Cuando lees y escribes, ¿visualizas las escenas en tu cabeza, como si fuera una película? ¿O no ves nada?

Únase a nosotros en una exploración de la afantasía (o la incapacidad de visualizar) y la forma en que los diferentes cerebros experimentan la narración.

A la autora Mariel Pomeroy le encantaba leer de pequeña. Recuerda haber visto Crepúsculo y asombrarse de que se pudiera crear un mundo de fantasía que enamorara a la gente. ¿Podría ella crear algo así?

Pero nunca lo intentó y en algún momento a través de los años, dejó de leer.

“Si encontraba un libro que me enganchaba de verdad, era mi libro favorito”, dice. “Pero encontrarlo me costó por la falta de recursos visuales. Si no conectaba rápidamente con la prosa o los personajes, me costaba quedarme; simplemente lo sentía como si estuviera en la escuela”.

Mariel está hablando de afantasía .

La afantasía es un fenómeno en el que las personas no pueden visualizar imágenes. Esto es particularmente evidente al contar historias, como leer y escribir. Es la única forma en que la mente de Mariel ha funcionado. De hecho, no sabía que otras personas "vieran" cosas en sus mentes.

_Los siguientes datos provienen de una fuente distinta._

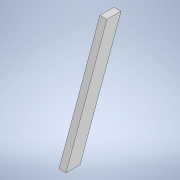
# Autodesk Inventor part: Support Bracket 1
Saved by Autodesk Inventor 2020 (Build 240168000, 168)
## iProperties
Created: 2021-01-18
Part Number: Support Bracket 1
Material: Generic
Document SubType Name: Modeling
Designer: magda
Density: 1 g/cm^3
Appearance: Default
Author: magda
Autodesk Inventor part; units mm, degrees
ref_plane "YZ Plane" through (0, 0, 0) normal (1, 0, 0) x (0, 1, 0)
ref_plane "XZ Plane" through (0, 0, 0) normal (0, 1, 0) x (-1, 0, 0)
ref_plane "XY Plane" through (0, 0, 0) normal (0, 0, 1) x (1, 0, 0)
sketch "Sketch1" plane through (0, 0, 0) normal (1, 0, 0) x (0, 1, 0)
  line L0 (0, 0) -> (0, -25.4)
  line L1 (203.2, -73.9588) -> (203.2, -99.3588)
  line L2 (0, 0) -> (203.2, -73.9588)
  line L3 (0, -25.4) -> (203.2, -99.3588)
  line L4 (0, 0) -> (68.675, 0)
  dimension "d0" = 25.4
  dimension "d5" = 25.4
  dimension "d6" = 20
  dimension "d7" = 203.2
  constraints: 10 end point, 2 vertical, 1 horizontal
  measures "d0" distance of L1.start L1.end
  measures "d5" distance of L0.start L0.end
  measures "d6" angle of L2 L4
  measures "d7" distance between parallel lines of L1 L0
extrude "Extrusion1" add sketch "Sketch1" along normal blind 12.7
body "Solid1"
Autodesk Inventor part; units mm, degrees
(part 4 of 5)
  arc A1516 (16.6024, 15.6098) -> (16.5463, 15.6184) centre (16.5463, 15.4301) ccw
  arc A1517 (16.6393, 15.5846) -> (16.6024, 15.6098) centre (16.5796, 15.5369) ccw
  arc A1518 (16.6599, 15.5394) -> (16.6393, 15.5846) centre (16.56, 15.5212) ccw
  arc A1519 (16.6663, 15.4684) -> (16.6599, 15.5394) centre (16.2689, 15.4684) ccw
  arc A1520 (16.6599, 14.6174) -> (16.6663, 14.6884) centre (16.2689, 14.6884) ccw
  arc A1521 (16.6393, 14.5721) -> (16.6599, 14.6174) centre (16.56, 14.6356) ccw
  arc A1522 (16.6024, 14.547) -> (16.6393, 14.5721) centre (16.5796, 14.6199) ccw
  arc A1523 (16.5463, 14.5384) -> (16.6024, 14.547) centre (16.5463, 14.7267) ccw
  arc A1524 (16.4902, 14.547) -> (16.5463, 14.5384) centre (16.5463, 14.7267) ccw
  arc A1525 (16.4533, 14.5721) -> (16.4902, 14.547) centre (16.5129, 14.6199) ccw
  arc A1526 (16.4327, 14.6174) -> (16.4533, 14.5721) centre (16.5325, 14.6356) ccw
  arc A1527 (16.4263, 14.6884) -> (16.4327, 14.6174) centre (16.8237, 14.6884) ccw
  arc A1528 (16.4327, 14.7594) -> (16.4263, 14.6884) centre (16.8237, 14.6884) ccw
  arc A1529 (16.4533, 14.8046) -> (16.4327, 14.7594) centre (16.5325, 14.7412) ccw
  arc A1530 (16.4902, 14.8298) -> (16.4533, 14.8046) centre (16.5129, 14.7569) ccw
  arc A1531 (16.5463, 14.8384) -> (16.4902, 14.8298) centre (16.5463, 14.6501) ccw
  arc A1532 (16.6024, 14.8298) -> (16.5463, 14.8384) centre (16.5463, 14.6501) ccw
  arc A1533 (16.6393, 14.8046) -> (16.6024, 14.8298) centre (16.5796, 14.7569) ccw
  arc A1534 (16.6599, 14.7594) -> (16.6393, 14.8046) centre (16.56, 14.7412) ccw
  arc A1535 (16.6663, 14.6884) -> (16.6599, 14.7594) centre (16.2689, 14.6884) ccw
  arc A1536 (16.6306, 13.7177) -> (16.6363, 13.8142) centre (15.8065, 13.8142) ccw
  arc A1537 (16.6121, 13.6524) -> (16.6306, 13.7177) centre (16.4198, 13.7424) ccw
  arc A1538 (16.5793, 13.6115) -> (16.6121, 13.6524) centre (16.5112, 13.6997) ccw
  arc A1539 (16.5313, 13.5898) -> (16.5793, 13.6115) centre (16.5098, 13.7014) ccw
  arc A1540 (16.4797, 13.5909) -> (16.5313, 13.5898) centre (16.508, 13.7107) ccw
  arc A1541 (16.4475, 13.615) -> (16.4797, 13.5909) centre (16.4913, 13.64) ccw
  arc A1542 (16.4306, 13.6695) -> (16.4475, 13.615) centre (16.5623, 13.6804) ccw
  arc A1543 (16.4263, 13.774) -> (16.4306, 13.6695) centre (17.6884, 13.774) ccw
  arc A1544 (16.4293, 13.8553) -> (16.4263, 13.774) centre (17.5205, 13.774) ccw
  arc A1545 (16.4384, 13.9305) -> (16.4293, 13.8553) centre (17.2504, 13.7941) ccw
  arc A1546 (16.4515, 13.9917) -> (16.4384, 13.9305) centre (17.1328, 13.8139) ccw
  arc A1547 (16.4675, 14.0196) -> (16.4515, 13.9917) centre (16.5111, 13.9761) ccw
  arc A1548 (16.5292, 14.0474) -> (16.4675, 14.0196) centre (16.5349, 13.9523) ccw
  arc A1549 (16.5849, 14.0231) -> (16.5292, 14.0474) centre (16.5332, 13.9806) ccw
  arc A1550 (16.6239, 13.9404) -> (16.5849, 14.0231) centre (16.4401, 13.9041) ccw
  arc A1551 (16.6363, 13.8142) -> (16.6239, 13.9404) centre (15.9849, 13.8142) ccw
  arc A1552 (5.9121, 15.2297) -> (5.9567, 15.3581) centre (3.0245, 16.304) ccw
  arc A1553 (5.8608, 15.0999) -> (5.9121, 15.2297) centre (2.705, 16.4228) ccw
  arc A1554 (5.8104, 14.9862) -> (5.8608, 15.0999) centre (3.0618, 16.2733) ccw
  arc A1555 (5.7705, 14.914) -> (5.8104, 14.9862) centre (5.2469, 15.2501) ccw
  arc A1556 (5.7705, 14.914) -> (5.7251, 14.8316) centre (6.3667, 14.5314) ccw
  arc A1557 (5.7251, 14.8316) -> (5.7257, 14.7867) centre (5.7719, 14.8097) ccw
  arc A1558 (5.7257, 14.7867) -> (5.7624, 14.7497) centre (5.8002, 14.8239) ccw
  arc A1559 (5.7624, 14.7497) -> (5.8803, 14.6939) centre (6.7561, 16.6973) ccw
  arc A1560 (5.9708, 14.6449) -> (5.8803, 14.6939) centre (5.6348, 14.1324) ccw
  arc A1561 (5.9663, 14.6196) -> (5.9708, 14.6449) centre (5.9631, 14.6332) ccw
  arc A1562 (5.8708, 14.6078) -> (5.9663, 14.6196) centre (5.8638, 15.0599) ccw
  arc A1563 (5.4913, 14.6033) -> (5.8708, 14.6078) centre (5.0515, 67.172) ccw
  line L488 (5.4913, 14.6033) -> (4.9063, 14.5984)
  line L489 (4.9063, 14.5984) -> (4.9063, 13.4884)
  line L490 (4.9063, 13.4884) -> (4.9063, 12.3784)
  line L491 (4.9063, 12.3784) -> (5.1727, 12.3784)
  arc A1564 (5.1727, 12.3784) -> (5.2775, 12.3828) centre (5.1727, 13.6312) ccw
  arc A1565 (5.2775, 12.3828) -> (5.3718, 12.396) centre (5.206, 13.235) ccw
  arc A1566 (5.3718, 12.396) -> (5.4463, 12.4151) centre (5.2366, 13.0801) ccw
  arc A1567 (5.4463, 12.4151) -> (5.4763, 12.4384) centre (5.4299, 12.4671) ccw
  arc A1568 (5.5036, 12.4616) -> (5.4763, 12.4384) centre (5.5257, 12.4079) ccw
  arc A1569 (5.5621, 12.4808) -> (5.5036, 12.4616) centre (5.6655, 12.0669) ccw
  arc A1570 (5.6359, 12.494) -> (5.5621, 12.4808) centre (5.6964, 11.9435) ccw
  arc A1571 (5.7163, 12.4984) -> (5.6359, 12.494) centre (5.7163, 11.7626) ccw
  arc A1572 (5.7967, 12.494) -> (5.7163, 12.4984) centre (5.7163, 11.7626) ccw
  arc A1573 (5.8705, 12.4808) -> (5.7967, 12.494) centre (5.7362, 11.9435) ccw
  arc A1574 (5.9289, 12.4616) -> (5.8705, 12.4808) centre (5.767, 12.0669) ccw
  arc A1575 (5.9563, 12.4384) -> (5.9289, 12.4616) centre (5.9069, 12.4079) ccw
  arc A1576 (5.9563, 12.4384) -> (5.9863, 12.4151) centre (6.0027, 12.4671) ccw
  arc A1577 (5.9863, 12.4151) -> (6.0607, 12.396) centre (6.196, 13.0801) ccw
  arc A1578 (6.0607, 12.396) -> (6.1551, 12.3828) centre (6.2266, 13.235) ccw
  arc A1579 (6.1551, 12.3828) -> (6.2598, 12.3784) centre (6.2598, 13.6312) ccw
  line L492 (6.2598, 12.3784) -> (6.5263, 12.3784)
  line L493 (6.5263, 12.3784) -> (6.5263, 13.4884)
  line L494 (6.5263, 13.4884) -> (6.5263, 14.5984)
  line L495 (6.5263, 14.5984) -> (6.385, 14.5984)
  line L496 (6.385, 14.5984) -> (6.2438, 14.5984)
  line L497 (6.2438, 14.5984) -> (6.3805, 14.8841)
  arc A1580 (6.3805, 14.8841) -> (6.4343, 15.0063) centre (4.4938, 15.787) ccw
  arc A1581 (6.4343, 15.0063) -> (6.4828, 15.1374) centre (4.1091, 15.9418) ccw
  arc A1582 (6.4828, 15.1374) -> (6.52, 15.2583) centre (4.3654, 15.8549) ccw
  arc A1583 (6.52, 15.2583) -> (6.5368, 15.3451) centre (5.9846, 15.4066) ccw
  arc A1584 (6.5368, 15.3451) -> (6.5386, 15.4464) centre (5.9904, 15.4059) ccw
  arc A1585 (6.5386, 15.4464) -> (6.5135, 15.5043) centre (6.4433, 15.4394) ccw
  arc A1586 (6.5135, 15.5043) -> (6.4513, 15.5459) centre (6.3953, 15.395) ccw
  arc A1587 (6.4513, 15.5459) -> (6.3064, 15.5941) centre (5.6805, 13.471) ccw
  line L498 (6.3064, 15.5941) -> (6.0566, 15.6678)
  line L499 (6.0566, 15.6678) -> (5.9567, 15.3581)
  arc A1588 (5.9784, 13.8303) -> (5.9863, 13.9384) centre (5.2368, 13.9384) ccw
  arc A1589 (5.9488, 13.7834) -> (5.9784, 13.8303) centre (5.9109, 13.8402) ccw
  arc A1590 (5.8854, 13.7625) -> (5.9488, 13.7834) centre (5.8793, 13.8876) ccw
  arc A1591 (5.7163, 13.7584) -> (5.8854, 13.7625) centre (5.7163, 17.2389) ccw
  arc A1592 (5.5472, 13.7625) -> (5.7163, 13.7584) centre (5.7163, 17.2389) ccw
  arc A1593 (5.4838, 13.7834) -> (5.5472, 13.7625) centre (5.5533, 13.8876) ccw
  arc A1594 (5.4541, 13.8303) -> (5.4838, 13.7834) centre (5.5216, 13.8402) ccw
  arc A1595 (5.4463, 13.9384) -> (5.4541, 13.8303) centre (6.1958, 13.9384) ccw
  arc A1596 (5.4541, 14.0465) -> (5.4463, 13.9384) centre (6.1958, 13.9384) ccw
  arc A1597 (5.4838, 14.0934) -> (5.4541, 14.0465) centre (5.5216, 14.0366) ccw
  arc A1598 (5.5472, 14.1143) -> (5.4838, 14.0934) centre (5.5533, 13.9892) ccw
  arc A1599 (5.7163, 14.1184) -> (5.5472, 14.1143) centre (5.7163, 10.6379) ccw
  arc A1600 (5.8854, 14.1143) -> (5.7163, 14.1184) centre (5.7163, 10.6379) ccw
  arc A1601 (5.9488, 14.0934) -> (5.8854, 14.1143) centre (5.8793, 13.9892) ccw
  arc A1602 (5.9784, 14.0465) -> (5.9488, 14.0934) centre (5.9109, 14.0366) ccw
  arc A1603 (5.9863, 13.9384) -> (5.9784, 14.0465) centre (5.2368, 13.9384) ccw
  arc A1604 (5.9795, 12.9829) -> (5.9863, 13.0949) centre (5.0516, 13.0949) ccw
  arc A1605 (5.9519, 12.9387) -> (5.9795, 12.9829) centre (5.9186, 12.9902) ccw
  arc A1606 (5.8934, 12.9222) -> (5.9519, 12.9387) centre (5.8958, 13.0254) ccw
  arc A1607 (5.7313, 12.9299) -> (5.8934, 12.9222) centre (5.9734, 16.2763) ccw
  arc A1608 (5.5847, 12.9458) -> (5.7313, 12.9299) centre (5.8816, 15.0074) ccw
  arc A1609 (5.5151, 12.9725) -> (5.5847, 12.9458) centre (5.6086, 13.1122) ccw
  arc A1610 (5.4776, 13.0216) -> (5.5151, 12.9725) centre (5.5682, 13.0518) ccw
  arc A1611 (5.4573, 13.1134) -> (5.4776, 13.0216) centre (5.9087, 13.1653) ccw
  arc A1612 (5.4541, 13.212) -> (5.4573, 13.1134) centre (6.0551, 13.1822) ccw
  arc A1613 (5.4791, 13.2554) -> (5.4541, 13.212) centre (5.509, 13.2092) ccw
  arc A1614 (5.5401, 13.2748) -> (5.4791, 13.2554) centre (5.5452, 13.1534) ccw
  arc A1615 (5.7123, 13.2784) -> (5.5401, 13.2748) centre (5.7123, 9.1613) ccw
  arc A1616 (5.8852, 13.2743) -> (5.7123, 13.2784) centre (5.7123, 9.5941) ccw
  arc A1617 (5.9489, 13.2534) -> (5.8852, 13.2743) centre (5.8794, 13.1495) ccw
  arc A1618 (5.9786, 13.206) -> (5.9489, 13.2534) centre (5.9108, 13.1965) ccw
  arc A1619 (5.9863, 13.0949) -> (5.9786, 13.206) centre (5.1834, 13.0949) ccw
  arc A1620 (5.1763, 15.5756) -> (5.0533, 15.5279) centre (5.2917, 15.0958) ccw
  arc A1621 (5.0533, 15.5279) -> (4.9985, 15.4587) centre (5.1085, 15.428) ccw
  arc A1622 (4.9985, 15.4587) -> (4.9964, 15.3478) centre (5.2114, 15.3992) ccw
  arc A1623 (4.9964, 15.3478) -> (5.0551, 15.1421) centre (7.4152, 15.926) ccw
  line L500 (5.0551, 15.1421) -> (5.1571, 14.835)
  line L501 (5.1571, 14.835) -> (5.3767, 14.8746)
  arc A1624 (5.3767, 14.8746) -> (5.4626, 14.8914) centre (4.8255, 17.9263) ccw
  arc A1625 (5.4626, 14.8914) -> (5.539, 14.909) centre (5.0517, 16.8488) ccw
  arc A1626 (5.539, 14.909) -> (5.6021, 14.9258) centre (4.9452, 17.2724) ccw
  arc A1627 (5.6021, 14.9258) -> (5.6209, 14.936) centre (5.5891, 14.9722) ccw
  arc A1628 (5.6209, 14.936) -> (5.6282, 14.9553) centre (5.6064, 14.9526) ccw
  arc A1629 (5.6282, 14.9553) -> (5.6151, 15.0484) centre (2.1377, 14.5092) ccw
  arc A1630 (5.6151, 15.0484) -> (5.5949, 15.1599) centre (3.3594, 14.6987) ccw
  arc A1631 (5.5949, 15.1599) -> (5.5664, 15.2881) centre (1.5733, 14.3301) ccw
  arc A1632 (5.5664, 15.2881) -> (5.5061, 15.5023) centre (2.7572, 14.6142) ccw
  arc A1633 (5.5061, 15.5023) -> (5.4474, 15.5839) centre (5.3502, 15.4519) ccw
  arc A1634 (5.4474, 15.5839) -> (5.3578, 15.6077) centre (5.3723, 15.4819) ccw
  arc A1635 (5.3578, 15.6077) -> (5.1763, 15.5756) centre (5.5306, 14.1027) ccw
  arc A1636 (4.3963, 15.4254) -> (4.3262, 15.4003) centre (6.5047, 9.4466) ccw
  arc A1637 (4.3262, 15.4003) -> (4.2648, 15.3772) centre (5.6457, 11.7944) ccw
  arc A1638 (4.2648, 15.3772) -> (4.213, 15.357) centre (6.5581, 9.4269) ccw
  arc A1639 (4.213, 15.357) -> (4.2015, 15.3504) centre (4.2301, 15.3138) ccw
  arc A1640 (4.2015, 15.3504) -> (4.1907, 15.3135) centre (4.2217, 15.3244) ccw
  arc A1641 (4.1907, 15.3135) -> (4.2846, 15.0531) centre (22.7751, 21.87) ccw
  arc A1642 (4.2846, 15.0531) -> (4.3805, 14.801) centre (16.5632, 19.5799) ccw
  arc A1643 (4.3805, 14.801) -> (4.4225, 14.7507) centre (4.477, 14.8389) ccw
  arc A1644 (4.4225, 14.7507) -> (4.5215, 14.7338) centre (4.493, 14.8648) ccw
  arc A1645 (4.5215, 14.7338) -> (4.7003, 14.7868) centre (4.2534, 15.9649) ccw
  arc A1646 (4.7003, 14.7868) -> (4.8621, 14.8621) centre (4.2659, 15.9319) ccw
  arc A1647 (4.8621, 14.8621) -> (4.8854, 14.9263) centre (4.8367, 14.9076) ccw
  arc A1648 (4.8691, 14.9718) -> (4.8854, 14.9263) centre (5.8374, 15.2916) ccw
  arc A1649 (4.8421, 15.0549) -> (4.8691, 14.9718) centre (13.9102, 17.9581) ccw
  arc A1650 (4.8115, 15.152) -> (4.8421, 15.0549) centre (14.7921, 18.2404) ccw
  arc A1651 (4.7811, 15.2522) -> (4.8115, 15.152) centre (15.9198, 18.5894) ccw
  arc A1652 (4.7811, 15.2522) -> (4.7226, 15.4152) centre (3.2292, 14.7872) ccw
  arc A1653 (4.7226, 15.4152) -> (4.665, 15.4742) centre (4.6187, 15.3715) ccw
  arc A1654 (4.665, 15.4742) -> (4.5792, 15.4814) centre (4.6118, 15.3562) ccw
  arc A1655 (4.5792, 15.4814) -> (4.3963, 15.4254) centre (5.1542, 13.2763) ccw
  line L502 (17.3863, 11.5084) -> (17.3863, 11.3584)
  line L503 (17.3863, 11.3584) -> (16.6063, 11.3584)
  line L504 (16.6063, 11.3584) -> (15.8263, 11.3584)
  line L505 (15.8263, 11.3584) -> (15.8263, 10.8784)
  line L506 (15.8263, 10.8784) -> (15.8263, 10.3984)
  line L507 (15.8263, 10.3984) -> (16.1263, 10.3984)
  arc A1656 (16.1263, 10.3984) -> (16.3183, 10.4021) centre (16.1263, 15.337) ccw
  arc A1657 (16.3183, 10.4021) -> (16.3863, 10.4224) centre (16.3127, 10.545) ccw
  arc A1658 (16.3863, 10.4224) -> (16.4178, 10.4692) centre (16.352, 10.4795) ccw
  arc A1659 (16.4178, 10.4692) -> (16.4263, 10.5784) centre (15.718, 10.5784) ccw
  line L508 (16.4263, 10.5784) -> (16.4263, 10.7584)
  line L509 (16.4263, 10.7584) -> (16.7863, 10.7584)
  arc A1660 (17.0333, 10.7493) -> (16.7863, 10.7584) centre (16.7863, 7.3979) ccw
  arc A1661 (17.1238, 10.706) -> (17.0333, 10.7493) centre (17.0232, 10.612) ccw
  arc A1662 (17.1512, 10.6177) -> (17.1238, 10.706) centre (17.0463, 10.6336) ccw
  arc A1663 (17.1085, 10.4134) -> (17.1512, 10.6177) centre (15.2977, 10.8987) ccw
  arc A1664 (17.0633, 10.3374) -> (17.1085, 10.4134) centre (16.9508, 10.4557) ccw
  arc A1665 (16.9858, 10.2973) -> (17.0633, 10.3374) centre (16.9558, 10.4504) ccw
  arc A1666 (16.8319, 10.2813) -> (16.9858, 10.2973) centre (16.8197, 11.1452) ccw
  arc A1667 (16.4193, 10.2784) -> (16.8319, 10.2813) centre (16.4193, 39.5826) ccw
  line L510 (16.4193, 10.2784) -> (15.7663, 10.2784)
  line L511 (15.7663, 10.2784) -> (15.7663, 9.9784)
  line L512 (15.7663, 9.9784) -> (15.7663, 9.6784)
  line L513 (15.7663, 9.6784) -> (16.3063, 9.6784)
  arc A1668 (16.5317, 9.6744) -> (16.3063, 9.6784) centre (16.3063, 3.2633) ccw
  arc A1669 (16.7015, 9.6617) -> (16.5317, 9.6744) centre (16.4568, 7.5438) ccw
  arc A1670 (16.8239, 9.643) -> (16.7015, 9.6617) centre (16.5035, 7.9482) ccw
  arc A1671 (16.8463, 9.616) -> (16.8239, 9.643) centre (16.8188, 9.616) ccw
  arc A1672 (16.7656, 9.369) -> (16.8463, 9.616) centre (16.4279, 9.616) ccw
  arc A1673 (16.4245, 8.9438) -> (16.7656, 9.369) centre (11.8154, 12.9907) ccw
  arc A1674 (16.0426, 8.5495) -> (16.4245, 8.9438) centre (12.1999, 12.6532) ccw
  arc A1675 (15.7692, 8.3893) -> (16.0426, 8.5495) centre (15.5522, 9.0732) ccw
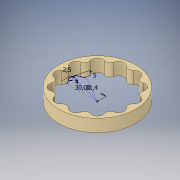
# Autodesk Inventor part: Enclosure
Saved by Autodesk Inventor 2018.3 (Build 223284000, 284)
## iProperties
Created: 2018-07-20
Part Number: Enclosure
Material: Generisch
Document SubType Name: Modeling
Designer: JochenAlt
Density: 1 g/cm^3
Appearance: Weizen
Author: JochenAlt
Autodesk Inventor part; units mm, degrees
ref_plane "YZ Plane" through (0, 0, 0) normal (1, 0, 0) x (0, 1, 0)
ref_plane "XZ Plane" through (0, 0, 0) normal (0, 1, 0) x (-1, 0, 0)
ref_plane "XY Plane" through (0, 0, 0) normal (0, 0, 1) x (1, 0, 0)
sketch "Skizze1" plane through (0, 0, 0) normal (0, 0, 1) x (1, 0, 0)
  line L0 (-46.7955, 0) -> (7.7993, 0) construction
  arc A0 (-29.3583, 16.95) -> (-33.9, 0) centre (0, 0) ccw
  arc A1 (-27.4, 0) -> (-28.7859, 3.0276) centre (-31.4, 0) ccw
  line L1 (0, 0) -> (-38.9963, 22.5145) construction
  line L2 (-31.4, 0) -> (0, 0) construction
  arc A2 (-26.4431, 11.771) -> (-23.7291, 13.7) centre (-27.1932, 15.7) ccw
  arc A3 (-30.881, 5.6855) -> (-31.4, 0) centre (0, 0) ccw construction
  arc A4 (-27.1932, 15.7) -> (-30.881, 5.6855) centre (0, 0) ccw construction
  line L3 (-37.9513, 10.169) -> (0, 0) construction
  arc A5 (-26.4431, 11.771) -> (-28.7859, 3.0276) centre (-25.5004, 6.8328) ccw
  line L4 (-23.7291, 13.7) -> (-29.3583, 16.95)
  line L5 (-27.4, 0) -> (-33.9, 0)
  point P0 (-30.3301, 8.1269)
  dimension "d5" = 4
  dimension "d14" = 31.4
  dimension "d28" = 30
  dimension "d36" = 5
  dimension "d37" = 2.5
  constraints: 15 point on circle, 10 end point, 6 centre point, 6 point on line, 2 coincident, 2 collinear, 1 equal radius, 1 tangent, 1 other
  measures "d5" radius of A1
  measures "d14" distance of L1.start L2.start
  measures "d28" angle of L1 L0
  measures "d36" distance of point (-30.33, 8.127) A5.centre
  measures "d37" radial gap between concentric circles of A0 A4
extrude "Extrusion1" add sketch "Skizze1" along normal blind 11
pattern_circular "Runde Anordnung1" count 12 over 360 about axis through (0, 0, 0) along (0, 0, 1) of "Extrusion1"

En 2020, cuando leyó "De sangre y ceniza" de Jennifer L. Armentrout , Mariel recordó su antiguo sueño de escribir. "Empecé a perseguirlo", dice. "Simplemente escribir".

Pero ¿cómo es “simplemente escribir” para alguien con afantasía?

ANNIE COSBY: Empecemos por el principio. ¿Qué significa tener afantasía?

MARIEL POMEROY: Significa que no puedo "ver" nada en mi cabeza. Está todo negro ahí arriba. No puedo visualizar nada. No puedo ver lo que escribo ni lo que leo.

No tengo la imaginería de los libros, ¿sabes? Nunca son como películas para mí. No visualizo cómo se movería el cuerpo, ni nada, no puedo verlo.

Y las personas también tienen distintos grados de afantasía. Yo no veo nada. Pero estaba hablando con una amiga, y ella puede ver colores, formas y personas, pero las personas no tienen caras. Otra amiga ve tanto que puede distinguir la textura de la ropa.

Todo depende de tu cerebro, lo cual es fascinante.

Significa que no puedo "ver" nada en mi cabeza. Solo está negro ahí arriba.

AC: He visto el espectro ilustrado con ese meme de una manzana o el gráfico de un pájaro .

MP: Sí, esas son herramientas útiles para explicarlo.

AC: Como persona que ve la “película” de una historia en mi cabeza, las imágenes, ni siquiera sabía que algunas personas experimentaban la lectura y la escritura de manera diferente hasta hace muy poco.

MP: La verdad es que no sabía que la afantasía fuera inusual hasta hace unos dos años. Incluso estando en el mundo de las redes sociales, pensaba que cuando la gente hablaba de "ver" cosas en su cabeza, era metafórico.

Pero para mí, leer y escribir son experiencias muy corporales. Simplemente leo las palabras y, en cierto modo, puedo "oírlas", pero nada más. Sigo estando aquí sentada.

AC: ¿Crees que la afantasía afecta la forma en la que escribes?

MP: Creo que me cuesta más imaginar una historia. Suelo tener una idea central, y a partir de ahí todo se basa en la onda. En lo que me haga sentir bien. No es nada visual. Siempre es una sensación.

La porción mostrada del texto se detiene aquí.